#### Problem description:
Starting at the first line of the records below, reproduce every line up to and including the line with "line L0 (-349.25, 304.8)", but leave out all pictures.

Items listed in a dataset:
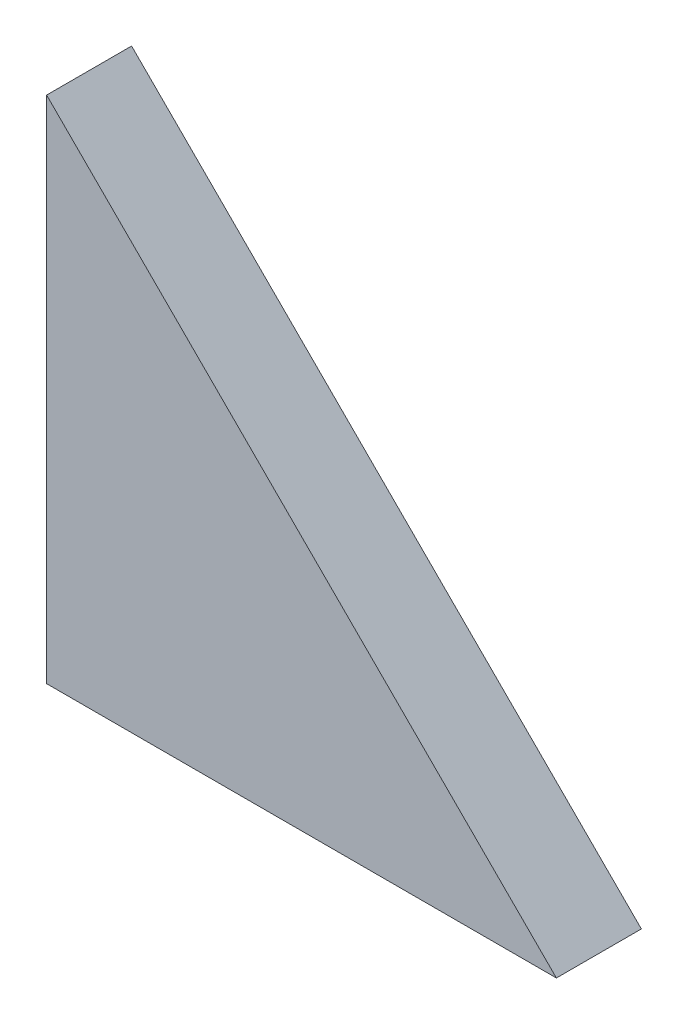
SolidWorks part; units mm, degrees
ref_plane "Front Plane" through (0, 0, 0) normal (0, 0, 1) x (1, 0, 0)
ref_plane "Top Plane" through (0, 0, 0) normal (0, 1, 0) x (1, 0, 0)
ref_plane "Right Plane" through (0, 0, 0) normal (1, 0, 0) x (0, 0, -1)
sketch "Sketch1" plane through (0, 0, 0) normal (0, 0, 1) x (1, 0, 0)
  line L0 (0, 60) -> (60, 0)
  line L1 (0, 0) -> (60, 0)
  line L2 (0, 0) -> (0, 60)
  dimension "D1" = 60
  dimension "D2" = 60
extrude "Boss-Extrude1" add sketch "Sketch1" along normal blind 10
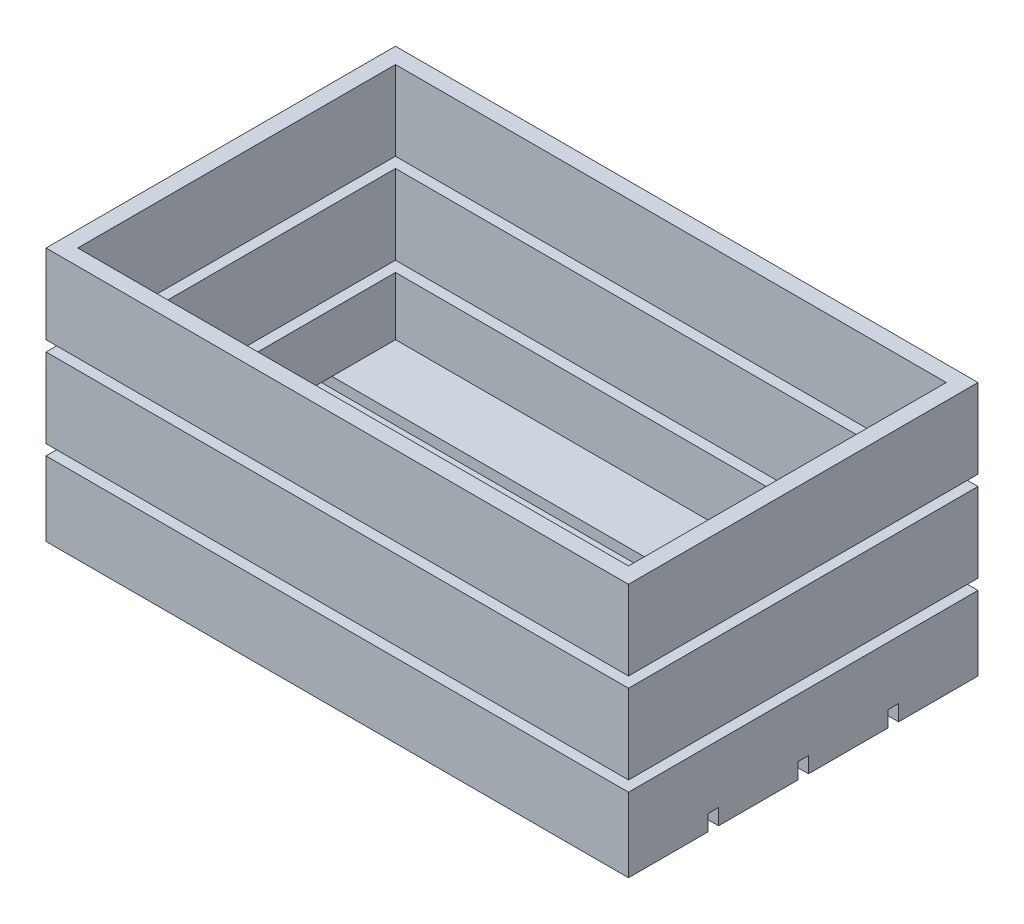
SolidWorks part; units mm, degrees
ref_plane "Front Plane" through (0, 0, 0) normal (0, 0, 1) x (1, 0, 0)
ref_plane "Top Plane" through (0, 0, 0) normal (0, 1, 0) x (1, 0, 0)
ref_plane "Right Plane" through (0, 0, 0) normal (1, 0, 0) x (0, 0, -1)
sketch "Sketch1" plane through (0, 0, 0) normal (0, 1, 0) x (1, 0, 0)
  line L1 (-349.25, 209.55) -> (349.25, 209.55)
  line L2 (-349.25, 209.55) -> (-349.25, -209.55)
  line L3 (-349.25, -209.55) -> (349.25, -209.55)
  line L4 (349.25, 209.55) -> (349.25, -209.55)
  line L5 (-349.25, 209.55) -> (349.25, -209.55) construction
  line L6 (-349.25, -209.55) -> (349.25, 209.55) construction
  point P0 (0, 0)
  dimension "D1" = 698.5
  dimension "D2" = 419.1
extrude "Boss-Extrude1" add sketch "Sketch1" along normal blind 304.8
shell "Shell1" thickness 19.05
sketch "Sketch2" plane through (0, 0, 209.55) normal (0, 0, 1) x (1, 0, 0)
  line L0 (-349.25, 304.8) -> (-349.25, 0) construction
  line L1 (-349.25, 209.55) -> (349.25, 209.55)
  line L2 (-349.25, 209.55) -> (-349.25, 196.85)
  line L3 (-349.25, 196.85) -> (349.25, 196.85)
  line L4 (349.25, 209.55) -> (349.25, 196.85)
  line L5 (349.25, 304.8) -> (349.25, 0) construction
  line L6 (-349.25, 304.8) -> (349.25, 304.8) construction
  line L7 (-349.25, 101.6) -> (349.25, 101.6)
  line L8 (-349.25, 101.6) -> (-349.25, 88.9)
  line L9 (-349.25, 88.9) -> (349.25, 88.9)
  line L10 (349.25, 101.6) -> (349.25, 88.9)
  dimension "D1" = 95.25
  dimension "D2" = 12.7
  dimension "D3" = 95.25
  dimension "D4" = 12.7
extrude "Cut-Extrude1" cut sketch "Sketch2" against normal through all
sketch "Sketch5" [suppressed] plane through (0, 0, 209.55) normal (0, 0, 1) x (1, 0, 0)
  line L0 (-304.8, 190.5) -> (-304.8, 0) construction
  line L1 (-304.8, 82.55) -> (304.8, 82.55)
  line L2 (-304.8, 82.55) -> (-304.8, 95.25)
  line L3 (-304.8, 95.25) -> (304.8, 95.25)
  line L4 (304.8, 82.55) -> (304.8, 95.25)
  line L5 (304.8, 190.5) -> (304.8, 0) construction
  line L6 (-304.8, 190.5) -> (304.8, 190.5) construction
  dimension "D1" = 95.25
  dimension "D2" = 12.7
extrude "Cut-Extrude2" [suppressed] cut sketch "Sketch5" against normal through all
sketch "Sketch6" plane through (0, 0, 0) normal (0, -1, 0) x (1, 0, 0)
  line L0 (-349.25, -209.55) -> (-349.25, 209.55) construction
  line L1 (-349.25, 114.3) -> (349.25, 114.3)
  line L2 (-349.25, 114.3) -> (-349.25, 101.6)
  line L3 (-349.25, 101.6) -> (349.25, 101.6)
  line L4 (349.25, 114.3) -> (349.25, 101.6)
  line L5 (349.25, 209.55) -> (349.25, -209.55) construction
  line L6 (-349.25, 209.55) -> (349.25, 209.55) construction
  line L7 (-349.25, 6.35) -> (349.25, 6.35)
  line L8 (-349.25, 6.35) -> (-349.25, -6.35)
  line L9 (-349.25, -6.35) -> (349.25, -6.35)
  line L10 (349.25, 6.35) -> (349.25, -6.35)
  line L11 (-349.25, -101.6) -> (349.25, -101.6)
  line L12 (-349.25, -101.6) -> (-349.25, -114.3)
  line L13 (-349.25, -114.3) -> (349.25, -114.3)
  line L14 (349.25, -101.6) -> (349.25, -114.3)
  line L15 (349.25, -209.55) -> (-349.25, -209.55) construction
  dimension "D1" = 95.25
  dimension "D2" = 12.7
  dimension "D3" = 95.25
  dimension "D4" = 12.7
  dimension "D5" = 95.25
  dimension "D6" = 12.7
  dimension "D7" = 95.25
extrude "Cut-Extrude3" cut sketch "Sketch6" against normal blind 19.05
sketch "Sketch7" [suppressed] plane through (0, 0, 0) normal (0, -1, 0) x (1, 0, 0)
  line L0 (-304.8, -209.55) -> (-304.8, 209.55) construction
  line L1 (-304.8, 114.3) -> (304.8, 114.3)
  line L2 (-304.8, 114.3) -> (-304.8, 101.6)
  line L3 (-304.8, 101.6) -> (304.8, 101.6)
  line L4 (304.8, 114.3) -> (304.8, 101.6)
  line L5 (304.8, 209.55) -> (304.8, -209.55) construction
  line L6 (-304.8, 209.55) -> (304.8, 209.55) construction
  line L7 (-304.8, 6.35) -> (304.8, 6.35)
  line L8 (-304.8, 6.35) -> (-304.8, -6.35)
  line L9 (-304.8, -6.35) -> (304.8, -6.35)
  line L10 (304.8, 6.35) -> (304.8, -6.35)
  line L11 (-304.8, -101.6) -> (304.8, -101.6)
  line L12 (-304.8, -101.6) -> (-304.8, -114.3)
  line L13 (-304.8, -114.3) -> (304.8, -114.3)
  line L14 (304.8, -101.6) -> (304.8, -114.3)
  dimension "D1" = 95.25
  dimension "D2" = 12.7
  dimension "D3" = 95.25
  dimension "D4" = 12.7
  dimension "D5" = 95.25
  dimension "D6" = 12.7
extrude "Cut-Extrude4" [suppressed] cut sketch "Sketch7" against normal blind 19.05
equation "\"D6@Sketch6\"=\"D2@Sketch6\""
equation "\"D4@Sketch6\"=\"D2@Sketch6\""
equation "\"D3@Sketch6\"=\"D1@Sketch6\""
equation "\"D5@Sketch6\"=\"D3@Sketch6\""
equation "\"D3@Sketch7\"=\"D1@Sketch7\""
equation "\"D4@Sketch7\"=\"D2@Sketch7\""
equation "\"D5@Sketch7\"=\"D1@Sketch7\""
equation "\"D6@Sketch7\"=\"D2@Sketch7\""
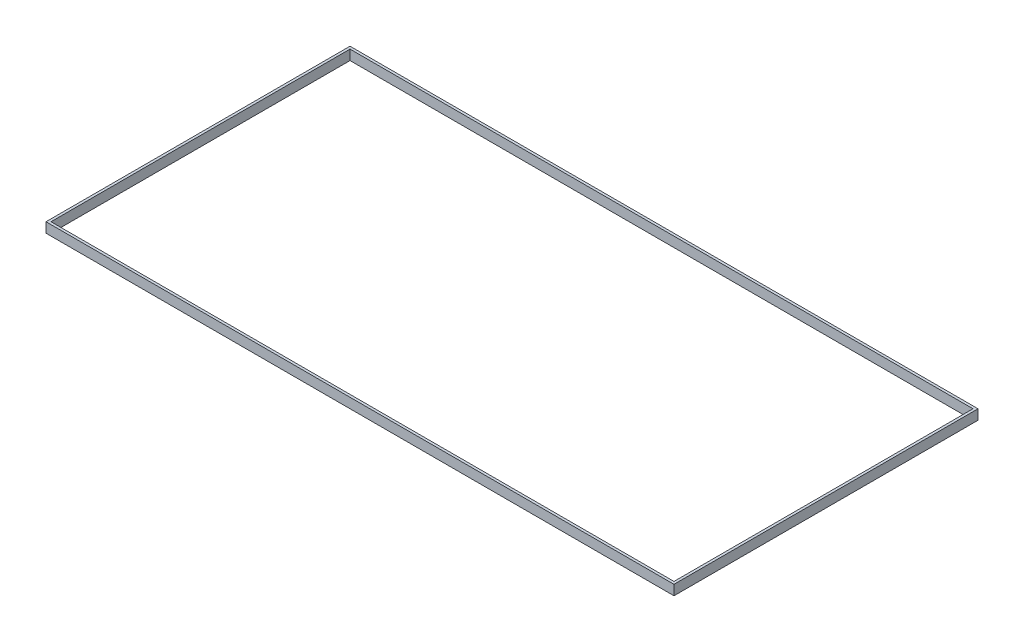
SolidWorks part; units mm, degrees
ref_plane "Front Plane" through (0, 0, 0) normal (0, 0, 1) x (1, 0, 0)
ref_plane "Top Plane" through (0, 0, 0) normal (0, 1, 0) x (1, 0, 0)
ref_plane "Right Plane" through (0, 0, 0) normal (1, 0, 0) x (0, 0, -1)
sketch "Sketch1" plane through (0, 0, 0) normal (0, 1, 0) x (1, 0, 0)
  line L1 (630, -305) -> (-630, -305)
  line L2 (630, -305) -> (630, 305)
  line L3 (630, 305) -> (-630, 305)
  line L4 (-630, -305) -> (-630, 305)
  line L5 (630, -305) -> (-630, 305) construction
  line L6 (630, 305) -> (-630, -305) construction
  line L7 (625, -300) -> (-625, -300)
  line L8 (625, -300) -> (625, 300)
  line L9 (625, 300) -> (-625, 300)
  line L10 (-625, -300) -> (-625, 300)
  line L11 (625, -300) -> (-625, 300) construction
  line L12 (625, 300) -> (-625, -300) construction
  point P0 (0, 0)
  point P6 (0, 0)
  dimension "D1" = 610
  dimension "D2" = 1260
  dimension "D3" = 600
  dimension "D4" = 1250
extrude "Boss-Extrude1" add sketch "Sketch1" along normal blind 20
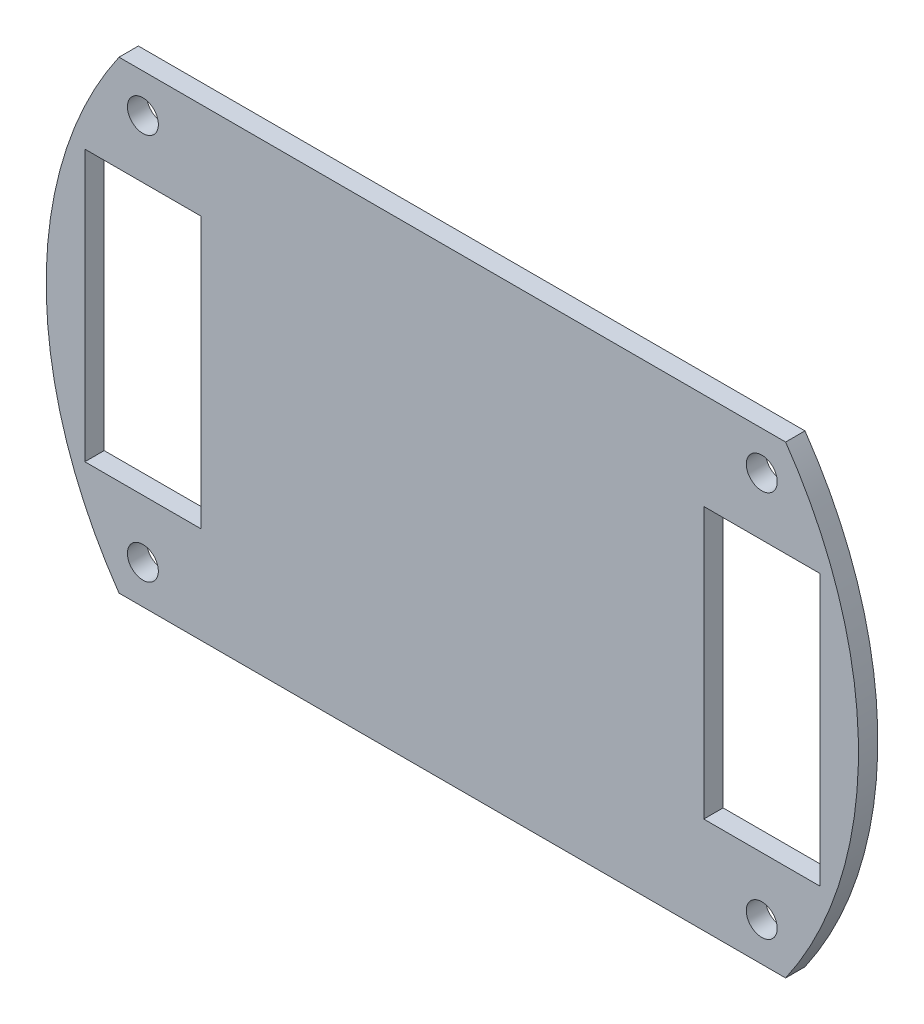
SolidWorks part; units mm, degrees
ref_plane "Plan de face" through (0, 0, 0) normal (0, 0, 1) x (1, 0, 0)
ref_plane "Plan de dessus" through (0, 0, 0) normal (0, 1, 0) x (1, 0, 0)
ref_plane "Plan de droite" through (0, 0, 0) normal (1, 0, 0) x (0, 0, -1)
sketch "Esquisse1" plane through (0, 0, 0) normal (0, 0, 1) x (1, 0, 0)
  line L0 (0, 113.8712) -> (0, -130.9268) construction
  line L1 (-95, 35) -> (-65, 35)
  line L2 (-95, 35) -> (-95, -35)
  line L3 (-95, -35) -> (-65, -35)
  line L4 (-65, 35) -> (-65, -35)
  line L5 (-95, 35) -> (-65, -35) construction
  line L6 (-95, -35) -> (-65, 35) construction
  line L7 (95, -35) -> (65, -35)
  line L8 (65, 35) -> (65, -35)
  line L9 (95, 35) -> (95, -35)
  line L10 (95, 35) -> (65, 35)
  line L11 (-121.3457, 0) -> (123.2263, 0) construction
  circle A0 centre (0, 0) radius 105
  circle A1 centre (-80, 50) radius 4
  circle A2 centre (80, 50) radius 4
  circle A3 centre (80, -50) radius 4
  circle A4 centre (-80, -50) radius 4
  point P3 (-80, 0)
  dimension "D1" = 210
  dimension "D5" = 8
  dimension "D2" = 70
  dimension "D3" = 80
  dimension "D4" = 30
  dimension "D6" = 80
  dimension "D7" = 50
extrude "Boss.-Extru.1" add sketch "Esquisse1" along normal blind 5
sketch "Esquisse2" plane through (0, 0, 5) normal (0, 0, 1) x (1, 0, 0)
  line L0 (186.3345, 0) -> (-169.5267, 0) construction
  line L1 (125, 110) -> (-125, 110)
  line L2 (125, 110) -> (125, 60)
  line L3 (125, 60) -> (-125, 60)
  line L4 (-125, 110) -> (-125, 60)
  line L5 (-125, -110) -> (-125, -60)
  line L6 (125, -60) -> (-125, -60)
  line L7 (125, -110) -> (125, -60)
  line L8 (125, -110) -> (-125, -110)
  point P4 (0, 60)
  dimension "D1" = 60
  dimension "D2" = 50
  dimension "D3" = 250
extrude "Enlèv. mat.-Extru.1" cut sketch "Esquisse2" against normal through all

#### Your solution:
SolidWorks part; units mm, degrees
ref_plane "Front Plane" through (0, 0, 0) normal (0, 0, 1) x (1, 0, 0)
ref_plane "Top Plane" through (0, 0, 0) normal (0, 1, 0) x (1, 0, 0)
ref_plane "Right Plane" through (0, 0, 0) normal (1, 0, 0) x (0, 0, -1)
sketch "Sketch1" plane through (0, 0, 0) normal (0, 0, 1) x (1, 0, 0)
  line L0 (0, 60) -> (60, 0)
  line L1 (0, 0) -> (60, 0)
  line L2 (0, 0) -> (0, 60)
  dimension "D1" = 60
  dimension "D2" = 60
extrude "Boss-Extrude1" add sketch "Sketch1" along normal blind 10
SolidWorks part; units mm, degrees
ref_plane "Front Plane" through (0, 0, 0) normal (0, 0, 1) x (1, 0, 0)
ref_plane "Top Plane" through (0, 0, 0) normal (0, 1, 0) x (1, 0, 0)
ref_plane "Right Plane" through (0, 0, 0) normal (1, 0, 0) x (0, 0, -1)
sketch "Sketch1" plane through (0, 0, 0) normal (0, 1, 0) x (1, 0, 0)
  line L1 (-349.25, 209.55) -> (349.25, 209.55)
  line L2 (-349.25, 209.55) -> (-349.25, -209.55)
  line L3 (-349.25, -209.55) -> (349.25, -209.55)
  line L4 (349.25, 209.55) -> (349.25, -209.55)
  line L5 (-349.25, 209.55) -> (349.25, -209.55) construction
  line L6 (-349.25, -209.55) -> (349.25, 209.55) construction
  point P0 (0, 0)
  dimension "D1" = 698.5
  dimension "D2" = 419.1
extrude "Boss-Extrude1" add sketch "Sketch1" along normal blind 304.8
shell "Shell1" thickness 19.05
sketch "Sketch2" plane through (0, 0, 209.55) normal (0, 0, 1) x (1, 0, 0)
  line L0 (-349.25, 304.8) -> (-349.25, 0) construction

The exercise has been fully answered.